┌──

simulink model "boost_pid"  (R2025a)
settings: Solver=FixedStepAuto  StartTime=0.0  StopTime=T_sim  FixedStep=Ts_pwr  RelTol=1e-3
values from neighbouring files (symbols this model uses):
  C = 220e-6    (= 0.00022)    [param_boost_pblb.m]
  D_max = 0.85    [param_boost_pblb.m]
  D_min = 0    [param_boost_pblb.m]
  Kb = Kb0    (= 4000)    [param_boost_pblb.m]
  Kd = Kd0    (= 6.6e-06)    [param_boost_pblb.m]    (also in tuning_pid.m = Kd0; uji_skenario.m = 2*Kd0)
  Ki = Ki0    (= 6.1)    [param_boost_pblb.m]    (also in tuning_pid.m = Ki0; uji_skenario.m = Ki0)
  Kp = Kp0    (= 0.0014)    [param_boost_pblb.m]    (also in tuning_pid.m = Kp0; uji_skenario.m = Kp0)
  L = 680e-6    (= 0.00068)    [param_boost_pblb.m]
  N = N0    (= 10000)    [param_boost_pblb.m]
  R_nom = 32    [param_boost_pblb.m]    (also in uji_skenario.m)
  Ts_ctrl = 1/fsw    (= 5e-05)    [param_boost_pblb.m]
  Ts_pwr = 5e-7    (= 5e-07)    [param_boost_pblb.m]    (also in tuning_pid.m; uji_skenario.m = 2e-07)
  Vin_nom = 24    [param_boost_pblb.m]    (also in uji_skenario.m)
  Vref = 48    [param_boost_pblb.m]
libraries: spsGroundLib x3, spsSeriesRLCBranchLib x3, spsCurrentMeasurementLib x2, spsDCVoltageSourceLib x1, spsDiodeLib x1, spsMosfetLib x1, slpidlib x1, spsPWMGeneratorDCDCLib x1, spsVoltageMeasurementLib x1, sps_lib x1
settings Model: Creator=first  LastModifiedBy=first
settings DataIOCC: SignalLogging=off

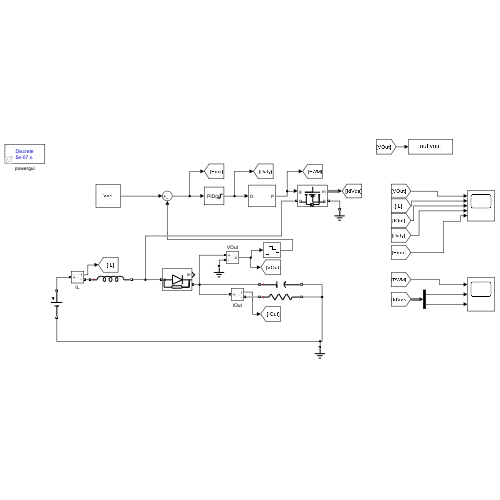
[thumbnail: Simulink's stored preview of the top-level diagram]
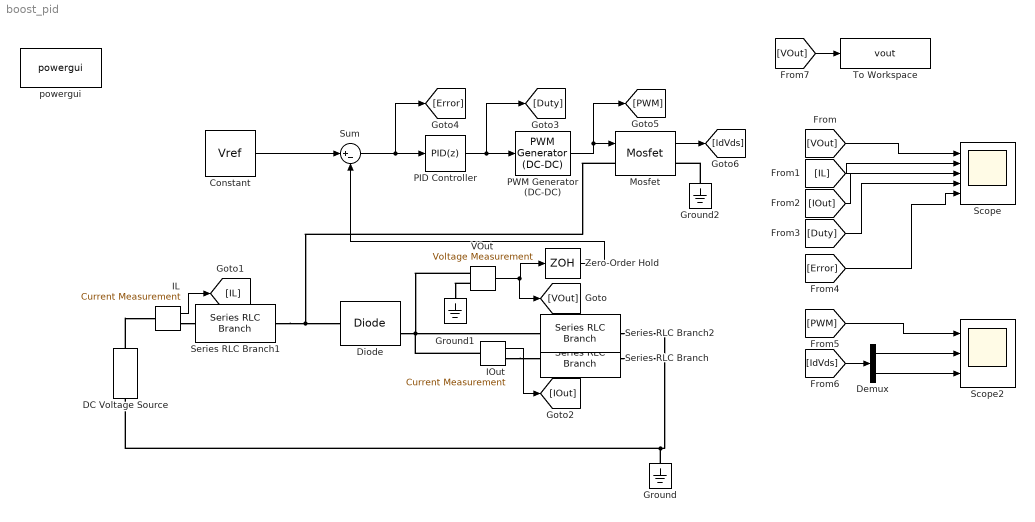
== system boost_pid ==
  Constant : Constant  Value=Vref
  DC Voltage Source : spsDCVoltageSourceLib/DC Voltage Source  Amplitude=Vin_nom  Measurements=None
  Demux : Demux  Outputs=2
  Diode : spsDiodeLib/Diode  Ron=Ron_D  Lon=0  Vf=Vf_D  IC=0  UseSnubber=0  Rs=1e5  Cs=inf  Measurements=on
  Ground : spsGroundLib/Ground  LConnTagsString=a
  Ground1 : spsGroundLib/Ground  LConnTagsString=a
  Ground2 : spsGroundLib/Ground  LConnTagsString=a
  IL : spsCurrentMeasurementLib/Current Measurement  PhasorSimulation=off  OutputType=Complex  PSBequivalent=0
  IOut : spsCurrentMeasurementLib/Current Measurement  PhasorSimulation=off  OutputType=Complex  PSBequivalent=0
  Mosfet : spsMosfetLib/Mosfet  Ron=Ron_Q  Lon=0  Rd=0.01  Vfd=0  IC=0  Rs=1e5  Cs=inf  Measurements=on
  PID Controller : slpidlib/PID Controller  Controller=PID  Form=Parallel  TimeDomain=Discrete-time  UseExternalTs=off  SampleTime=Ts_ctrl  IntegratorMethod=Forward Euler  FilterMethod=Forward Euler  ControllerParametersSource=internal  P=Kp  I=Ki  UseKiTs=off  D=Kd  UseExternalDerivativeSource=off  N=N  UseFilter=on  TunerSelectOption=Transfer Function Based (PID Tuner App)  InitialConditionSource=internal  InitialConditionForIntegrator=0  InitialConditionForFilter=0  DifferentiatorICPrevScaledInput=0  ExternalReset=none  TrackingMode=off  Kt=1  LimitOutput=on  SatLimitsSource=internal  UpperSaturationLimit=D_max  LowerSaturationLimit=D_min  LinearizeAsGain=on  AntiWindupMode=back-calculation  Kb=Kb  LimitIntegrator=off  UpperIntegratorSaturationLimit=inf  LowerIntegratorSaturationLimit=-inf  POutMin=[]  POutMax=[]  IOutMin=[]  IOutMax=[]  DOutMin=[]  DOutMax=[]  NOutMin=[]  NOutMax=[]  SumOutMin=[]  SumOutMax=[]  SaturationOutMin=[]  SaturationOutMax=[]  PParamMin=[]  PParamMax=[]  IParamMin=[]  IParamMax=[]  DParamMin=[]  DParamMax=[]  NParamMin=[]  NParamMax=[]  KbParamMin=[]  KbParamMax=[]  KtParamMin=[]  KtParamMax=[]  KbOutMin=[]  KbOutMax=[]  KtOutMin=[]  KtOutMax=[]  IntegratorOutMin=[]  IntegratorOutMax=[]  FilterOutMin=[]  FilterOutMax=[]  SumI1OutMin=[]  SumI1OutMax=[]  SumI2OutMin=[]  SumI2OutMax=[]  SumI3OutMin=[]  SumI3OutMax=[]  SumI4OutMin=[]  SumI4OutMax=[]  SumDOutMin=[]  SumDOutMax=[]  DifferentiatorOutMin=[]  DifferentiatorOutMax=[]  FilterDiffOutCoefMin=[]  FilterDiffOutCoefMax=[]  ReciprocalOutMin=[]  ReciprocalOutMax=[]  SumDenOutMin=[]  SumDenOutMax=[]  SumNumOutMin=[]  SumNumOutMax=[]  DivideOutMin=[]  DivideOutMax=[]  UdiffTsProdOutMin=[]  UdiffTsProdOutMax=[]  NTsProdOutMin=[]  NTsProdOutMax=[]  UintegralTsProdOutMin=[]  UintegralTsProdOutMax=[]  UngainTsProdOutMin=[]  UngainTsProdOutMax=[]  ClampingZeroOutDataTypeStr=Inherit: Inherit via back propagation  ClampingZeroOutMin=[]  ClampingZeroOutMax=[]  FilterDenConstantOutDataTypeStr=Inherit: Inherit via back propagation  FilterDenConstantOutMin=[]  FilterDenConstantOutMax=[]  PCopyOutDataTypeStr=Inherit: Inherit via back propagation  PCopyOutMin=[]  PCopyOutMax=[]  NCopyOutDataTypeStr=Inherit: Inherit via back propagation  NCopyOutMin=[]  NCopyOutMax=[]  IntegratorContinuousStateAttributes=''  IntegratorStateMustResolveToSignalObject=off  IntegratorRTWStateStorageClass=Auto  FilterContinuousStateAttributes=''  FilterStateMustResolveToSignalObject=off  FilterRTWStateStorageClass=Auto  ParallelPVariant=InternalParameters  IdealPVariant=Disabled  IVariant=InternalParameters  DVariant=InternalParameters  IntegratorVariant=Discrete  SatVariant=Enabled  AWVariant=BackCalculation  PCopyVariant=Disabled  TRVariant=Disabled  FdbkBlocksVariant=Forward  IdealPFdbkVariant=Disabled  SatFdbkVariant=Disabled  DerivativeFilterVariant=ForwardEulerFilter  NVariant=InternalParameters  NCopyVariant=Disabled  FilterICVariant=InternalICsFilter  IntegratorICVariant=InternalICs  ExternalResetVariant=Disabled  TRSumVariant=Passthrough  SumFdbkVariant=Disabled  SumVariant=Sum_PID  TsampFilterVariant=InternalTs  TsampNgainVariant=Passthrough  TsampIntegralVariant=Disabled_SignalSpec  ExternalSaturationOutDataTypeStr=Inherit: Same as second input  DerivativeSourceVariant=ErrorSignal  PreIntVariant=InternalPreInt
  PWM Generator (DC-DC) : spsPWMGeneratorDCDCLib/PWM Generator (DC-DC)  Fsw=fsw  Ts=0
  Scope : Scope  NumInputPorts=5
      settings: ActiveDisplayYMinimum=-1  ActiveDisplayYMaximum=1  DataLoggingDecimation=10
  Scope2 : Scope  NumInputPorts=3
      settings: ActiveDisplayYMinimum=-0.8  ActiveDisplayYMaximum=70  DataLoggingDecimation=10  DataLoggingVariableName=ScopeData2
  Series RLC Branch : spsSeriesRLCBranchLib/Series RLC Branch  LConnTagsString=__new0  RConnTagsString=__new0  BranchType=R  Resistance=R_nom  Inductance=1e-3  SetiL0=off  InitialCurrent=0  Capacitance=1e-6  Setx0=off  InitialVoltage=0  Measurements=None
  Series RLC Branch1 : spsSeriesRLCBranchLib/Series RLC Branch  LConnTagsString=__new0  RConnTagsString=__new0  BranchType=L  Resistance=1  Inductance=L  SetiL0=off  InitialCurrent=0  Capacitance=1e-6  Setx0=off  InitialVoltage=0  Measurements=None
  Series RLC Branch2 : spsSeriesRLCBranchLib/Series RLC Branch  LConnTagsString=__new0  RConnTagsString=__new0  BranchType=C  Resistance=1  Inductance=1e-3  SetiL0=off  InitialCurrent=0  Capacitance=C  Setx0=on  InitialVoltage=Vc0  Measurements=None
  Sum : Sum  Inputs=|+-
  To Workspace : ToWorkspace  VariableName=vout  SaveFormat=Timeseries  SampleTime=-1
  VOut : spsVoltageMeasurementLib/Voltage Measurement  PhasorSimulation=off  OutputType=Complex  PSBequivalent=0
  Zero-Order Hold : ZeroOrderHold  SampleTime=Ts_ctrl
  powergui : sps_lib/powergui  Priority=1  SimulationMode=Discrete  SampleTime=Ts_pwr  frequency=60  Iterations=50  frequencyindice=0  Pbase=100e6  ErrMax=1e-4  UnitsV=kV  UnitsW=MW  buscounter=0  FunctionMessages=off  echomessages=off  EnableUseOfTLC=off  CurrentSourceSwitches=off  DisableSnubberDevices=off  DisableRonSwitches=off  DisableVfSwitches=off  DisplayEquations=off  AutomaticDiscreteSolvers=off  SolverType=Tustin/Backward Euler (TBE)  Interpol=off  ExternalGateDelay=off  methode=off  Ts=100  x0status=blocks  SPID=on  SwTol=0  HookPort=off  NonlinearTolerance=1e-4  nMaxIteration=100  ContinueOnMaxIteration=off  RestoreLinks=warning  ResistiveCurrentMeasurement=off  Frange=[0:2:500]  Ylog=off  Xlog=on  ShowGrid=off  save=off  variable=ZData  structure=0  ZoomFFT=off  StartTime=0.0  cycles=1  DisplayStyle=1  fundamental=60  FreqAxis=off  MaxFrequency=1000  frequencyindicesteady=1  RmsSteady=1  display=off
  wires:
  VOut/1 -> [VOut], Zero-Order Hold/1
  Constant/1 -> Sum/1
  Zero-Order Hold/1 -> Sum/2
  Sum/1 -> [Error], PID Controller/1
  PID Controller/1 -> [Duty], PWM Generator (DC-DC)/1
  PWM Generator (DC-DC)/1 -> [PWM], Mosfet/1
  [VOut] -> Scope/1
  IL/1 -> [IL]
  [IL] -> Scope/2
  IOut/1 -> [IOut]
  [IOut] -> Scope/3
  [Duty] -> Scope/4
  [Error] -> Scope/5
  [PWM] -> Scope2/1
  Demux/1 -> Scope2/2
  Demux/2 -> Scope2/3
  Mosfet/1 -> [IdVds]
  [IdVds] -> Demux/1
  [VOut] -> To Workspace/1
  connections:
  Series RLC Branch1/RConn1 -- Mosfet/LConn1 -- Diode/LConn1
  Ground/LConn1 -- DC Voltage Source/LConn1 -- Series RLC Branch/RConn1 -- Series RLC Branch2/RConn1
  VOut/LConn2 -- Ground1/LConn1
  IL/RConn1 -- Series RLC Branch1/LConn1
  DC Voltage Source/RConn1 -- IL/LConn1
  IOut/RConn1 -- Series RLC Branch/LConn1
  Diode/RConn1 -- VOut/LConn1 -- IOut/LConn1 -- Series RLC Branch2/LConn1
  Ground2/LConn1 -- Mosfet/RConn1

└──

• HOW TO COMPLETE THIS TASK
Show every line from the entries above in which "OutputType" appears.

• OUTPUT OF THE TASK
  IL : spsCurrentMeasurementLib/Current Measurement  PhasorSimulation=off  OutputType=Complex  PSBequivalent=0
  IOut : spsCurrentMeasurementLib/Current Measurement  PhasorSimulation=off  OutputType=Complex  PSBequivalent=0
  VOut : spsVoltageMeasurementLib/Voltage Measurement  PhasorSimulation=off  OutputType=Complex  PSBequivalent=0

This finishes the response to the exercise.